Mortgage Terms And Rates
The term of a mortgage means the period of time a lender will loan mortgage money to a borrower. This duration is normally 2 to 5 years, although it could be from 6 months to 10 years. Usually, the shorter the mortgage term period, the lower the interest rate is and the less it costs to borrow the money. Once the term ends, you can pay off the due balance or renegotiate the mortgage for another term until the full mortgage has been paid completely.
Contracts who's period is 2 years or less is considered a short term mortgage contracts or agreements. These kinds of mortgages offer a much lower interest rate compared to the borrowing expenses for a longer term. These terms are common with individuals who feel that interest rates are currently higher than they will be in the future. Short term agreements are normally chosen by individuals who anticipate that interest rates would be a lot lower at the time of renewal.
The long term contracts are usually for 3 years or more. These mortgages generally cost a little bit more compared to short term mortgages and hence the interest rate will be higher. For those borrowers who value the predictability and stability of fixed expenses over a set length of time, a higher interest rate is appealing. It can be easier to budget a stable mortgage payment and this could bring peace of mind to lots of people.
To fully pay off your mortgage could take on average 15 to 25 years. The process of amortization is the paying off of principal loan installments and interest over a specific period of time. Recently, mortgage lenders and insurers have provided home owners longer amortization periods of 30, 35 and even 40 years.
There are various ways of repaying your mortgage. Some consumers would like the comfort in having a predetermined fixed rate since it enables them to plan and budget for other things in their To be able to repay your mortgage, there is a variety of ways. Some like to have predetermined fixed rates that enable them to completely plan their budget for the foreseeable future. Other clients choose more flexibility in their repayment. Some of their conditions can involve wanting to make bigger payments whenever they are able to put more money down because of fluctuations in their cash flow. There are a variety of different kinds of mortgages that appeal to various kinds of borrowers. A mortgage expert would be able to explain the differences and even help you choose what type is best for you.
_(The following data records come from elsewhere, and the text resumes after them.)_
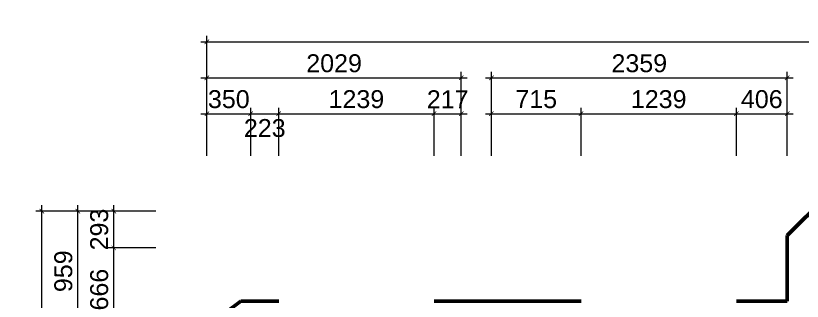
# Model space of a CAD drawing. Header units: millimetres. Extents: x 245 to 19137, y -220 to 12813.
# Drawn here: x 245 to 6518, y 10535 to 12813 of the extents above; entities that cross this region are included whole.
import ezdxf

# ---------------------------------------------------------------- set-up
doc = ezdxf.new("R2010")
doc.units = ezdxf.units.MM
doc.layers.add('BS-非承重墙', color=7, linetype='Continuous', lineweight=50)
doc.layers.add('SH-尺寸标注', color=32, linetype='Continuous')
doc.styles.get("Standard").update_dxf_attribs({"font": 'arial.ttf'})
doc.dimstyles.new('D_20_2.35', dxfattribs={"dimtxt": 142.857143, "dimasz": 35.714286, "dimexe": 47.619048, "dimexo": 0, "dimgap": 0, "dimtad": 1, "dimdec": 0, "dimzin": 1, "dimdsep": 46, "dimtxsty": 'Standard', "dimblk": 'ARCHTICK', "dimcen": 0.09, "dimdle": 47.619048, "dimclrd": 252, "dimclre": 252, "dimclrt": 134, "dimadec": 0, "dimazin": 0, "dimtfac": 1, "dimtdec": 4, "dimtix": 1, "dimtmove": 2, "dimatfit": 3, "dimfxl": 335.714273, "dimfxlon": 1, "dimtolj": 1, "dimtzin": 0, "dimlwd": 9, "dimlwe": 9, "dimarcsym": 0})

# ---------------------------------------------------------------- blocks, each defined once
blk = doc.blocks.new('_ArchTick')
at = {"color": 0, "linetype": 'ByBlock', "const_width": 0.15}
blk.add_lwpolyline([(-0.5, -0.5), (0.5, 0.5)], dxfattribs=at)
blk = doc.blocks.new('*D245')
at = {"layer": 'Defpoints', "color": 0}
for p in [(3799, 12317.5), (1769.7, 11981.8), (3799, 11981.8)]:
    blk.add_point(p, dxfattribs=at)
at = {"layer": 'SH-尺寸标注', "color": 252, "linetype": 'Continuous', "lineweight": 9}
for p, q in [((1769.7, 11981.8), (1769.7, 12365.1)), ((3799, 11981.8), (3799, 12365.1)), ((1722.1, 12317.5), (3846.6, 12317.5))]:
    blk.add_line(p, q, dxfattribs=at)
at = {"layer": 'SH-尺寸标注', "color": 252, "linetype": 'Continuous', "lineweight": 9, "xscale": 35.71428581050463, "yscale": 35.71428581050463, "zscale": 35.71428581050463, "rotation": 180}
blk.add_blockref('_ArchTick', (1769.7, 12317.5), dxfattribs=at)
at = {"layer": 'SH-尺寸标注', "color": 252, "linetype": 'Continuous', "lineweight": 9, "xscale": 35.71428581050463, "yscale": 35.71428581050463, "zscale": 35.71428581050463}
blk.add_blockref('_ArchTick', (3799, 12317.5), dxfattribs=at)
at = {"layer": 'SH-尺寸标注', "color": 134, "insert": (2784.4, 12432.8), "char_height": 142.86, "attachment_point": 5}
blk.add_mtext('\\A1;2029', dxfattribs=at)
blk = doc.blocks.new('*D246')
at = {"layer": 'Defpoints', "color": 0}
for p in [(6398.4, 12317.5), (4039, 11981.8), (6398.4, 11981.8)]:
    blk.add_point(p, dxfattribs=at)
at = {"layer": 'SH-尺寸标注', "color": 252, "linetype": 'Continuous', "lineweight": 9}
for p, q in [((4039, 11981.8), (4039, 12365.1)), ((6398.4, 11981.8), (6398.4, 12365.1)), ((3991.4, 12317.5), (6446, 12317.5))]:
    blk.add_line(p, q, dxfattribs=at)
at = {"layer": 'SH-尺寸标注', "color": 252, "linetype": 'Continuous', "lineweight": 9, "xscale": 35.71428581050463, "yscale": 35.71428581050463, "zscale": 35.71428581050463, "rotation": 180}
blk.add_blockref('_ArchTick', (4039, 12317.5), dxfattribs=at)
at = {"layer": 'SH-尺寸标注', "color": 252, "linetype": 'Continuous', "lineweight": 9, "xscale": 35.71428581050463, "yscale": 35.71428581050463, "zscale": 35.71428581050463}
blk.add_blockref('_ArchTick', (6398.4, 12317.5), dxfattribs=at)
at = {"layer": 'SH-尺寸标注', "color": 134, "insert": (5218.7, 12432.8), "char_height": 142.86, "attachment_point": 5}
blk.add_mtext('\\A1;2359', dxfattribs=at)
blk = doc.blocks.new('*D253')
at = {"layer": 'Defpoints', "color": 0}
for p in [(740.6, 11253.7), (1076.4, 11253.7), (1076.4, 10294.7)]:
    blk.add_point(p, dxfattribs=at)
at = {"layer": 'SH-尺寸标注', "color": 252, "linetype": 'Continuous', "lineweight": 9}
for p, q in [((740.6, 10247.1), (740.6, 11301.4)), ((1076.4, 11253.7), (693, 11253.7)), ((1076.4, 10294.7), (693, 10294.7))]:
    blk.add_line(p, q, dxfattribs=at)
at = {"layer": 'SH-尺寸标注', "color": 252, "linetype": 'Continuous', "lineweight": 9, "xscale": 35.71428581050463, "yscale": 35.71428581050463, "zscale": 35.71428581050463}
for p, rotation in [((740.6, 11253.7), 90), ((740.6, 10294.7), 270)]:
    blk.add_blockref('_ArchTick', p, dxfattribs=dict(at, rotation=rotation))
at = {"layer": 'SH-尺寸标注', "color": 134, "insert": (625.4, 10774.2), "char_height": 142.86, "attachment_point": 5, "rotation": 90}
blk.add_mtext('\\A1;959', dxfattribs=at)
blk = doc.blocks.new('*D259')
at = {"layer": 'Defpoints', "color": 0}
for p in [(454.4, 11253.7), (790.1, 11253.7), (790.1, 2020.2)]:
    blk.add_point(p, dxfattribs=at)
at = {"layer": 'SH-尺寸标注', "color": 252, "linetype": 'Continuous', "lineweight": 9}
for p, q in [((454.4, 1972.6), (454.4, 11301.4)), ((790.1, 11253.7), (406.7, 11253.7)), ((790.1, 2020.2), (406.7, 2020.2))]:
    blk.add_line(p, q, dxfattribs=at)
at = {"layer": 'SH-尺寸标注', "color": 252, "linetype": 'Continuous', "lineweight": 9, "xscale": 35.71428581050463, "yscale": 35.71428581050463, "zscale": 35.71428581050463}
for p, rotation in [((454.4, 11253.7), 90), ((454.4, 2020.2), 270)]:
    blk.add_blockref('_ArchTick', p, dxfattribs=dict(at, rotation=rotation))
at = {"layer": 'SH-尺寸标注', "color": 134, "insert": (339.1, 6637), "char_height": 142.86, "attachment_point": 5, "rotation": 90}
blk.add_mtext('\\A1;9234', dxfattribs=at)
blk = doc.blocks.new('*D260')
at = {"layer": 'Defpoints', "color": 0}
for p in [(15712.1, 12603.8), (1769.7, 12268.1), (15712.1, 12268.1)]:
    blk.add_point(p, dxfattribs=at)
at = {"layer": 'SH-尺寸标注', "color": 252, "linetype": 'Continuous', "lineweight": 9}
for p, q in [((1769.7, 12268.1), (1769.7, 12651.4)), ((15712.1, 12268.1), (15712.1, 12651.4)), ((1722.1, 12603.8), (15759.7, 12603.8))]:
    blk.add_line(p, q, dxfattribs=at)
at = {"layer": 'SH-尺寸标注', "color": 252, "linetype": 'Continuous', "lineweight": 9, "xscale": 35.71428581050463, "yscale": 35.71428581050463, "zscale": 35.71428581050463, "rotation": 180}
blk.add_blockref('_ArchTick', (1769.7, 12603.8), dxfattribs=at)
at = {"layer": 'SH-尺寸标注', "color": 252, "linetype": 'Continuous', "lineweight": 9, "xscale": 35.71428581050463, "yscale": 35.71428581050463, "zscale": 35.71428581050463}
blk.add_blockref('_ArchTick', (15712.1, 12603.8), dxfattribs=at)
at = {"layer": 'SH-尺寸标注', "color": 134, "insert": (8740.9, 12719.1), "char_height": 142.86, "attachment_point": 5}
blk.add_mtext('\\A1;13942', dxfattribs=at)
blk = doc.blocks.new('*D273')
at = {"layer": 'Defpoints', "color": 0}
for p in [(2119.8, 12031.2), (1769.7, 11695.5), (2119.8, 11695.5)]:
    blk.add_point(p, dxfattribs=at)
at = {"layer": 'SH-尺寸标注', "color": 252, "linetype": 'Continuous', "lineweight": 9}
for p, q in [((1769.7, 11695.5), (1769.7, 12078.9)), ((2119.8, 11695.5), (2119.8, 12078.9)), ((1722.1, 12031.2), (2167.4, 12031.2))]:
    blk.add_line(p, q, dxfattribs=at)
at = {"layer": 'SH-尺寸标注', "color": 252, "linetype": 'Continuous', "lineweight": 9, "xscale": 35.71428581050463, "yscale": 35.71428581050463, "zscale": 35.71428581050463, "rotation": 180}
blk.add_blockref('_ArchTick', (1769.7, 12031.2), dxfattribs=at)
at = {"layer": 'SH-尺寸标注', "color": 252, "linetype": 'Continuous', "lineweight": 9, "xscale": 35.71428581050463, "yscale": 35.71428581050463, "zscale": 35.71428581050463}
blk.add_blockref('_ArchTick', (2119.8, 12031.2), dxfattribs=at)
at = {"layer": 'SH-尺寸标注', "color": 134, "insert": (1944.7, 12146.5), "char_height": 142.86, "attachment_point": 5}
blk.add_mtext('\\A1;350', dxfattribs=at)
blk = doc.blocks.new('*D274')
at = {"layer": 'Defpoints', "color": 0}
for p in [(2343.2, 12031.2), (2119.8, 11695.5), (2343.2, 11695.5)]:
    blk.add_point(p, dxfattribs=at)
at = {"layer": 'SH-尺寸标注', "color": 252, "linetype": 'Continuous', "lineweight": 9}
for p, q in [((2119.8, 11695.5), (2119.8, 12078.9)), ((2343.2, 11695.5), (2343.2, 12078.9)), ((2072.1, 12031.2), (2390.8, 12031.2))]:
    blk.add_line(p, q, dxfattribs=at)
at = {"layer": 'SH-尺寸标注', "color": 252, "linetype": 'Continuous', "lineweight": 9, "xscale": 35.71428581050463, "yscale": 35.71428581050463, "zscale": 35.71428581050463, "rotation": 180}
blk.add_blockref('_ArchTick', (2119.8, 12031.2), dxfattribs=at)
at = {"layer": 'SH-尺寸标注', "color": 252, "linetype": 'Continuous', "lineweight": 9, "xscale": 35.71428581050463, "yscale": 35.71428581050463, "zscale": 35.71428581050463}
blk.add_blockref('_ArchTick', (2343.2, 12031.2), dxfattribs=at)
at = {"layer": 'SH-尺寸标注', "color": 134, "insert": (2231.5, 11916), "char_height": 142.86, "attachment_point": 5}
blk.add_mtext('\\A1;223', dxfattribs=at)
blk = doc.blocks.new('*D275')
at = {"layer": 'Defpoints', "color": 0}
for p in [(3581.7, 12031.2), (2343.2, 11695.5), (3581.7, 11695.5)]:
    blk.add_point(p, dxfattribs=at)
at = {"layer": 'SH-尺寸标注', "color": 252, "linetype": 'Continuous', "lineweight": 9}
for p, q in [((2343.2, 11695.5), (2343.2, 12078.9)), ((3581.7, 11695.5), (3581.7, 12078.9)), ((2295.6, 12031.2), (3629.3, 12031.2))]:
    blk.add_line(p, q, dxfattribs=at)
at = {"layer": 'SH-尺寸标注', "color": 252, "linetype": 'Continuous', "lineweight": 9, "xscale": 35.71428581050463, "yscale": 35.71428581050463, "zscale": 35.71428581050463, "rotation": 180}
blk.add_blockref('_ArchTick', (2343.2, 12031.2), dxfattribs=at)
at = {"layer": 'SH-尺寸标注', "color": 252, "linetype": 'Continuous', "lineweight": 9, "xscale": 35.71428581050463, "yscale": 35.71428581050463, "zscale": 35.71428581050463}
blk.add_blockref('_ArchTick', (3581.7, 12031.2), dxfattribs=at)
at = {"layer": 'SH-尺寸标注', "color": 134, "insert": (2962.5, 12146.5), "char_height": 142.86, "attachment_point": 5}
blk.add_mtext('\\A1;1239', dxfattribs=at)
blk = doc.blocks.new('*D276')
at = {"layer": 'Defpoints', "color": 0}
for p in [(3799, 12031.2), (3581.7, 11695.5), (3799, 11695.5)]:
    blk.add_point(p, dxfattribs=at)
at = {"layer": 'SH-尺寸标注', "color": 252, "linetype": 'Continuous', "lineweight": 9}
for p, q in [((3581.7, 11695.5), (3581.7, 12078.9)), ((3799, 11695.5), (3799, 12078.9)), ((3534.1, 12031.2), (3846.6, 12031.2))]:
    blk.add_line(p, q, dxfattribs=at)
at = {"layer": 'SH-尺寸标注', "color": 252, "linetype": 'Continuous', "lineweight": 9, "xscale": 35.71428581050463, "yscale": 35.71428581050463, "zscale": 35.71428581050463, "rotation": 180}
blk.add_blockref('_ArchTick', (3581.7, 12031.2), dxfattribs=at)
at = {"layer": 'SH-尺寸标注', "color": 252, "linetype": 'Continuous', "lineweight": 9, "xscale": 35.71428581050463, "yscale": 35.71428581050463, "zscale": 35.71428581050463}
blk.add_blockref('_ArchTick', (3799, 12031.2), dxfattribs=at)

The amount of interest that is charged against the monthly loan payment is referred to as the interest rate. Rates are expressed as percentages. It is based either on the rate which the Bank of Canada charges to lend money lenders or on bond yields. Usually, interest rates are less when you borrow money for a short duration of time and higher if you borrow money for a longer time period.
Fixed Rate Mortgage
A fixed rate mortgage is where your interest rate will not change throughout your mortgage term. There are no surprises as you could always count on how much your payments will be and know how much of your mortgage would be paid off by the end of your term.
Variable Rate Mortgage
When the borrower agrees to a fluctuating rate over the mortgage term, it is considered a variable rate mortgage. These rates could change from one month to the next since the interest rates change with the bank's prime lending rate. You pay the same amount when interest rates change, nonetheless, the amount that is applied to the principal will change. If interest rates drop for instance, more of your mortgage payment is applied to the principal balance due. This particular type of mortgage is a great option for homeowners who think that the interest rates will eventually go down if they are currently high.